[PROVIDED DATA — start]

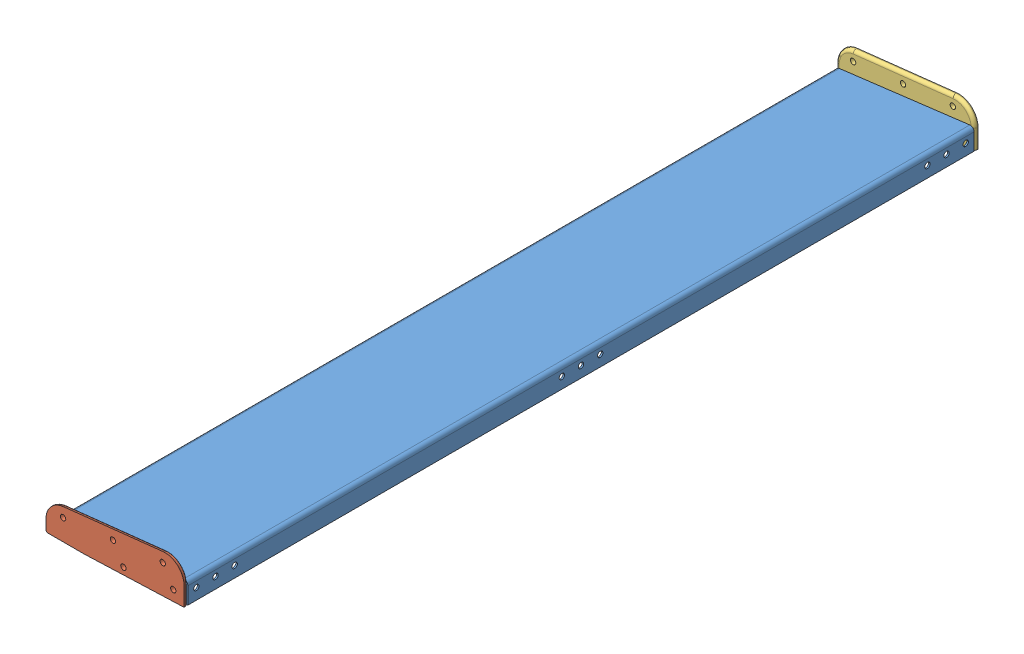
SolidWorks assembly 斜坡板焊接, configuration 默认. Lengths in mm.
Overall size (360 109.38 2070).
7 component instances, 4 part files, 2 mates.
Components (placement in the parent):
- 斜坡板折弯（花纹钢板）-1: 斜坡板折弯（花纹钢板） [默认] at (-433.4532 1575.2553 1025) size (360 63.67 2050)
- 斜坡板安装板-1: 斜坡板安装板 [默认] at origin size (360 108.63 10)
- 斜坡板安装板2-1: 斜坡板安装板2 [默认] at (0 0 -2040) size (360 109.25 10)
- 零件13^斜坡板焊接-1: 零件13^斜坡板焊接 [默认] at origin size (352 56.27 6) (virtual)
- 零件13^斜坡板焊接-2: 零件13^斜坡板焊接 [默认] at (0 0 -200) size (352 56.27 6) (virtual)
- 零件13^斜坡板焊接-3: 零件13^斜坡板焊接 [默认] at (0 0 -1600) size (352 56.27 6) (virtual)
- 零件13^斜坡板焊接-4: 零件13^斜坡板焊接 [默认] at (0 0 -1400) size (352 56.27 6) (virtual)
Mates (geometry in assembly coordinates):
- 重合1: coincident: plane of 斜坡板折弯（花纹钢板）-1 through (-443.4532 1618.9275 1025) normal (0 0 -1); plane of 斜坡板安装板2-1 through (-483.4532 1624.6303 1025) normal (0 0 1)
- 重合3: coincident: plane of 斜坡板安装板2-1 through (-793.4532 1595.3803 1025) normal (-1 0 0); plane of 斜坡板折弯（花纹钢板）-1 through (-793.4532 1576.4275 3075) normal (-1 0 0)

[PROVIDED DATA — finish]

* _REQUIRED WORK_
Please give all of the material again, exactly, without the images.

* _ANSWER TO THE EXERCISE_
SolidWorks assembly 斜坡板焊接, configuration 默认. Lengths in mm.
Overall size (360 109.38 2070).
7 component instances, 4 part files, 2 mates.
Components (placement in the parent):
- 斜坡板折弯（花纹钢板）-1: 斜坡板折弯（花纹钢板） [默认] at (-433.4532 1575.2553 1025) size (360 63.67 2050)
- 斜坡板安装板-1: 斜坡板安装板 [默认] at origin size (360 108.63 10)
- 斜坡板安装板2-1: 斜坡板安装板2 [默认] at (0 0 -2040) size (360 109.25 10)
- 零件13^斜坡板焊接-1: 零件13^斜坡板焊接 [默认] at origin size (352 56.27 6) (virtual)
- 零件13^斜坡板焊接-2: 零件13^斜坡板焊接 [默认] at (0 0 -200) size (352 56.27 6) (virtual)
- 零件13^斜坡板焊接-3: 零件13^斜坡板焊接 [默认] at (0 0 -1600) size (352 56.27 6) (virtual)
- 零件13^斜坡板焊接-4: 零件13^斜坡板焊接 [默认] at (0 0 -1400) size (352 56.27 6) (virtual)
Mates (geometry in assembly coordinates):
- 重合1: coincident: plane of 斜坡板折弯（花纹钢板）-1 through (-443.4532 1618.9275 1025) normal (0 0 -1); plane of 斜坡板安装板2-1 through (-483.4532 1624.6303 1025) normal (0 0 1)
- 重合3: coincident: plane of 斜坡板安装板2-1 through (-793.4532 1595.3803 1025) normal (-1 0 0); plane of 斜坡板折弯（花纹钢板）-1 through (-793.4532 1576.4275 3075) normal (-1 0 0)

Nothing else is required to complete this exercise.